------ Records
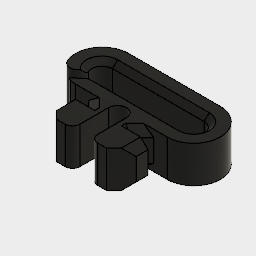
cable_clip_lcd (Autodesk Fusion 360 design; units mm, degrees)
Autodesk Fusion 360 part; units mm, degrees
sketch "base" plane through (0, 0, 0) normal (0, 0, 1) x (1, 0, 0)
  line L0 (-3.4, 0) -> (-2.2, 0)
  arc A0 (-2.2, 0) -> (-1.2, 1) centre (-2.2, 1) ccw
  line L1 (-1.2, 1) -> (-1.2, 4.9)
  line L2 (-3.4, 0) -> (-5.4, 2)
  line L3 (-5.4, 3.6) -> (-2.8, 3.6)
  line L4 (-2.8, 3.8) -> (-4.4, 5.4)
  line L5 (-2.2, 0) -> (0, 0) construction
  line L6 (-5.4, 3.6) -> (-5.4, 2)
  line L7 (0, 7.6) -> (-6.2, 7.6)
  arc A1 (-6.2, 10.4) -> (-6.2, 7.6) centre (-6.2, 9) ccw
  line L8 (-6.2, 10.4) -> (0, 10.4)
  line L9 (-4.4, 5.4) -> (-6.2, 5.4)
  arc A2 (-6.2, 12.6) -> (-6.2, 5.4) centre (-6.2, 9) ccw
  line L10 (-6.2, 12.6) -> (0, 12.6)
  line L11 (0, 12.6) -> (0, 0) construction
  line L12 (-2.8, 3.8) -> (-2.8, 3.6)
  arc A3 (6.2, 7.6) -> (6.2, 10.4) centre (6.2, 9) ccw
  line L13 (6.2, 10.4) -> (0, 10.4)
  line L14 (0, 7.6) -> (6.2, 7.6)
  arc A4 (0, 6.1) -> (-1.2, 4.9) centre (0, 4.9) ccw
  line L15 (6.2, 12.6) -> (0, 12.6)
  arc A5 (6.2, 5.4) -> (6.2, 12.6) centre (6.2, 9) ccw
  line L16 (4.4, 5.4) -> (6.2, 5.4)
  line L17 (2.8, 3.8) -> (4.4, 5.4)
  line L18 (2.8, 3.8) -> (2.8, 3.6)
  line L19 (5.4, 3.6) -> (2.8, 3.6)
  line L20 (5.4, 3.6) -> (5.4, 2)
  line L21 (3.4, 0) -> (5.4, 2)
  line L22 (3.4, 0) -> (2.2, 0)
  arc A6 (1.2, 1) -> (2.2, 0) centre (2.2, 1) ccw
  arc A7 (1.2, 4.9) -> (0, 6.1) centre (0, 4.9) ccw
  line L23 (1.2, 1) -> (1.2, 4.9)
  line L24 (-6.2, 7.6) -> (-7.2689, 6.7031)
  arc A8 (-9.5116, 7.5881) -> (-7.4878, 8.4509) centre (-8.4997, 8.0195) ccw
  line L25 (-6.2, 9) -> (-9.5116, 7.5881) construction
  arc A9 (-7.2689, 6.7031) -> (-6.9684, 5.483) centre (-6.819, 6.1668) ccw
  dimension "d6" = 4.2
  dimension "d7" = 135
  dimension "d8" = 45
  dimension "d9" = 1
  dimension "d10" = 1.2
  dimension "d17" = 2.2
  dimension "d18" = 2.8
  dimension "d20" = 6.2
  dimension "d27" = 0.2
  dimension "d28" = 2.6
  dimension "d29" = 1.6
  dimension "d31" = 2
  dimension "d32" = 1.8
  dimension "d33" = 1.5
  dimension "d58" = 0.6996
  dimension "d59" = 0.7
  dimension "d60" = 140
  measures "d6" distance of A0.end L6
  measures "d7" angle of L0 L2
  measures "d8" angle of L3 L4
  measures "d9" radius of A0
  measures "d10" distance of L5.end L1
  measures "d17" distance of A1 A2
  measures "d18" distance of L7 L8
  measures "d20" distance of A1.centre L10.end
  measures "d27" distance of L4.start L3.end
  measures "d28" distance of L6 L3.end
  measures "d29" distance of L2.end L3.start
  measures "d31" distance of L0.start L2.end
  measures "d32" distance of L3.start L9
  measures "d33" distance of L7.start A4.start
  measures "d58" distance of L24 A8
  measures "d59" radius of A9
  measures "d60" angle of L7 L24
extrude "Extrude1" add sketch "base" along normal blind 5 contours L0 A0 L1 L2 L3 L4 L6 L7 A1 L8 L9 A2 L10 L12 A3 L13 L14 A4 L15 A5 L16 L17 L18 L19 L20 L21 L22 A6 A7 L23 L24 A8 A9
fillet "Fillet1" radius 0.8 1 edges at (-6.2, 7.6, 2.5)
chamfer "Chamfer1" distance 1 angle 45 12 edges at (-5.4, 2.8, 5) (-5.4, 2.8, 0) (5.4, 2.8, 0) (5.4, 2.8, 5) (-3.6, 4.6, 5) (-2.8, 3.7, 5) (2.8, 3.7, 5) (3.6, 4.6, 5) (2.8, 3.7, 0) (3.6, 4.6, 0) (-3.6, 4.6, 0) (-2.8, 3.7, 0)
chamfer "Chamfer3" distance 0.7 angle 45 12 edges at (0.1456, 7.6, 0) (7.6, 9, 0) (0, 10.4, 5) (7.6, 9, 5) (0, 10.4, 0) (-7.3681, 9.7718, 0) (0.1456, 7.6, 5) (-7.3681, 9.7718, 5) (-6.1824, 7.5518, 5) (-6.846, 7.0579, 5) (-6.1824, 7.5518, 0) (-6.846, 7.0579, 0) tangent chain off
------------
• _Prompt_:
Print the entire listing precisely as written, omitting the images it holds.

• _Solution for this exercise_:
cable_clip_lcd (Autodesk Fusion 360 design; units mm, degrees)
Autodesk Fusion 360 part; units mm, degrees
sketch "base" plane through (0, 0, 0) normal (0, 0, 1) x (1, 0, 0)
  line L0 (-3.4, 0) -> (-2.2, 0)
  arc A0 (-2.2, 0) -> (-1.2, 1) centre (-2.2, 1) ccw
  line L1 (-1.2, 1) -> (-1.2, 4.9)
  line L2 (-3.4, 0) -> (-5.4, 2)
  line L3 (-5.4, 3.6) -> (-2.8, 3.6)
  line L4 (-2.8, 3.8) -> (-4.4, 5.4)
  line L5 (-2.2, 0) -> (0, 0) construction
  line L6 (-5.4, 3.6) -> (-5.4, 2)
  line L7 (0, 7.6) -> (-6.2, 7.6)
  arc A1 (-6.2, 10.4) -> (-6.2, 7.6) centre (-6.2, 9) ccw
  line L8 (-6.2, 10.4) -> (0, 10.4)
  line L9 (-4.4, 5.4) -> (-6.2, 5.4)
  arc A2 (-6.2, 12.6) -> (-6.2, 5.4) centre (-6.2, 9) ccw
  line L10 (-6.2, 12.6) -> (0, 12.6)
  line L11 (0, 12.6) -> (0, 0) construction
  line L12 (-2.8, 3.8) -> (-2.8, 3.6)
  arc A3 (6.2, 7.6) -> (6.2, 10.4) centre (6.2, 9) ccw
  line L13 (6.2, 10.4) -> (0, 10.4)
  line L14 (0, 7.6) -> (6.2, 7.6)
  arc A4 (0, 6.1) -> (-1.2, 4.9) centre (0, 4.9) ccw
  line L15 (6.2, 12.6) -> (0, 12.6)
  arc A5 (6.2, 5.4) -> (6.2, 12.6) centre (6.2, 9) ccw
  line L16 (4.4, 5.4) -> (6.2, 5.4)
  line L17 (2.8, 3.8) -> (4.4, 5.4)
  line L18 (2.8, 3.8) -> (2.8, 3.6)
  line L19 (5.4, 3.6) -> (2.8, 3.6)
  line L20 (5.4, 3.6) -> (5.4, 2)
  line L21 (3.4, 0) -> (5.4, 2)
  line L22 (3.4, 0) -> (2.2, 0)
  arc A6 (1.2, 1) -> (2.2, 0) centre (2.2, 1) ccw
  arc A7 (1.2, 4.9) -> (0, 6.1) centre (0, 4.9) ccw
  line L23 (1.2, 1) -> (1.2, 4.9)
  line L24 (-6.2, 7.6) -> (-7.2689, 6.7031)
  arc A8 (-9.5116, 7.5881) -> (-7.4878, 8.4509) centre (-8.4997, 8.0195) ccw
  line L25 (-6.2, 9) -> (-9.5116, 7.5881) construction
  arc A9 (-7.2689, 6.7031) -> (-6.9684, 5.483) centre (-6.819, 6.1668) ccw
  dimension "d6" = 4.2
  dimension "d7" = 135
  dimension "d8" = 45
  dimension "d9" = 1
  dimension "d10" = 1.2
  dimension "d17" = 2.2
  dimension "d18" = 2.8
  dimension "d20" = 6.2
  dimension "d27" = 0.2
  dimension "d28" = 2.6
  dimension "d29" = 1.6
  dimension "d31" = 2
  dimension "d32" = 1.8
  dimension "d33" = 1.5
  dimension "d58" = 0.6996
  dimension "d59" = 0.7
  dimension "d60" = 140
  measures "d6" distance of A0.end L6
  measures "d7" angle of L0 L2
  measures "d8" angle of L3 L4
  measures "d9" radius of A0
  measures "d10" distance of L5.end L1
  measures "d17" distance of A1 A2
  measures "d18" distance of L7 L8
  measures "d20" distance of A1.centre L10.end
  measures "d27" distance of L4.start L3.end
  measures "d28" distance of L6 L3.end
  measures "d29" distance of L2.end L3.start
  measures "d31" distance of L0.start L2.end
  measures "d32" distance of L3.start L9
  measures "d33" distance of L7.start A4.start
  measures "d58" distance of L24 A8
  measures "d59" radius of A9
  measures "d60" angle of L7 L24
extrude "Extrude1" add sketch "base" along normal blind 5 contours L0 A0 L1 L2 L3 L4 L6 L7 A1 L8 L9 A2 L10 L12 A3 L13 L14 A4 L15 A5 L16 L17 L18 L19 L20 L21 L22 A6 A7 L23 L24 A8 A9
fillet "Fillet1" radius 0.8 1 edges at (-6.2, 7.6, 2.5)
chamfer "Chamfer1" distance 1 angle 45 12 edges at (-5.4, 2.8, 5) (-5.4, 2.8, 0) (5.4, 2.8, 0) (5.4, 2.8, 5) (-3.6, 4.6, 5) (-2.8, 3.7, 5) (2.8, 3.7, 5) (3.6, 4.6, 5) (2.8, 3.7, 0) (3.6, 4.6, 0) (-3.6, 4.6, 0) (-2.8, 3.7, 0)
chamfer "Chamfer3" distance 0.7 angle 45 12 edges at (0.1456, 7.6, 0) (7.6, 9, 0) (0, 10.4, 5) (7.6, 9, 5) (0, 10.4, 0) (-7.3681, 9.7718, 0) (0.1456, 7.6, 5) (-7.3681, 9.7718, 5) (-6.1824, 7.5518, 5) (-6.846, 7.0579, 5) (-6.1824, 7.5518, 0) (-6.846, 7.0579, 0) tangent chain off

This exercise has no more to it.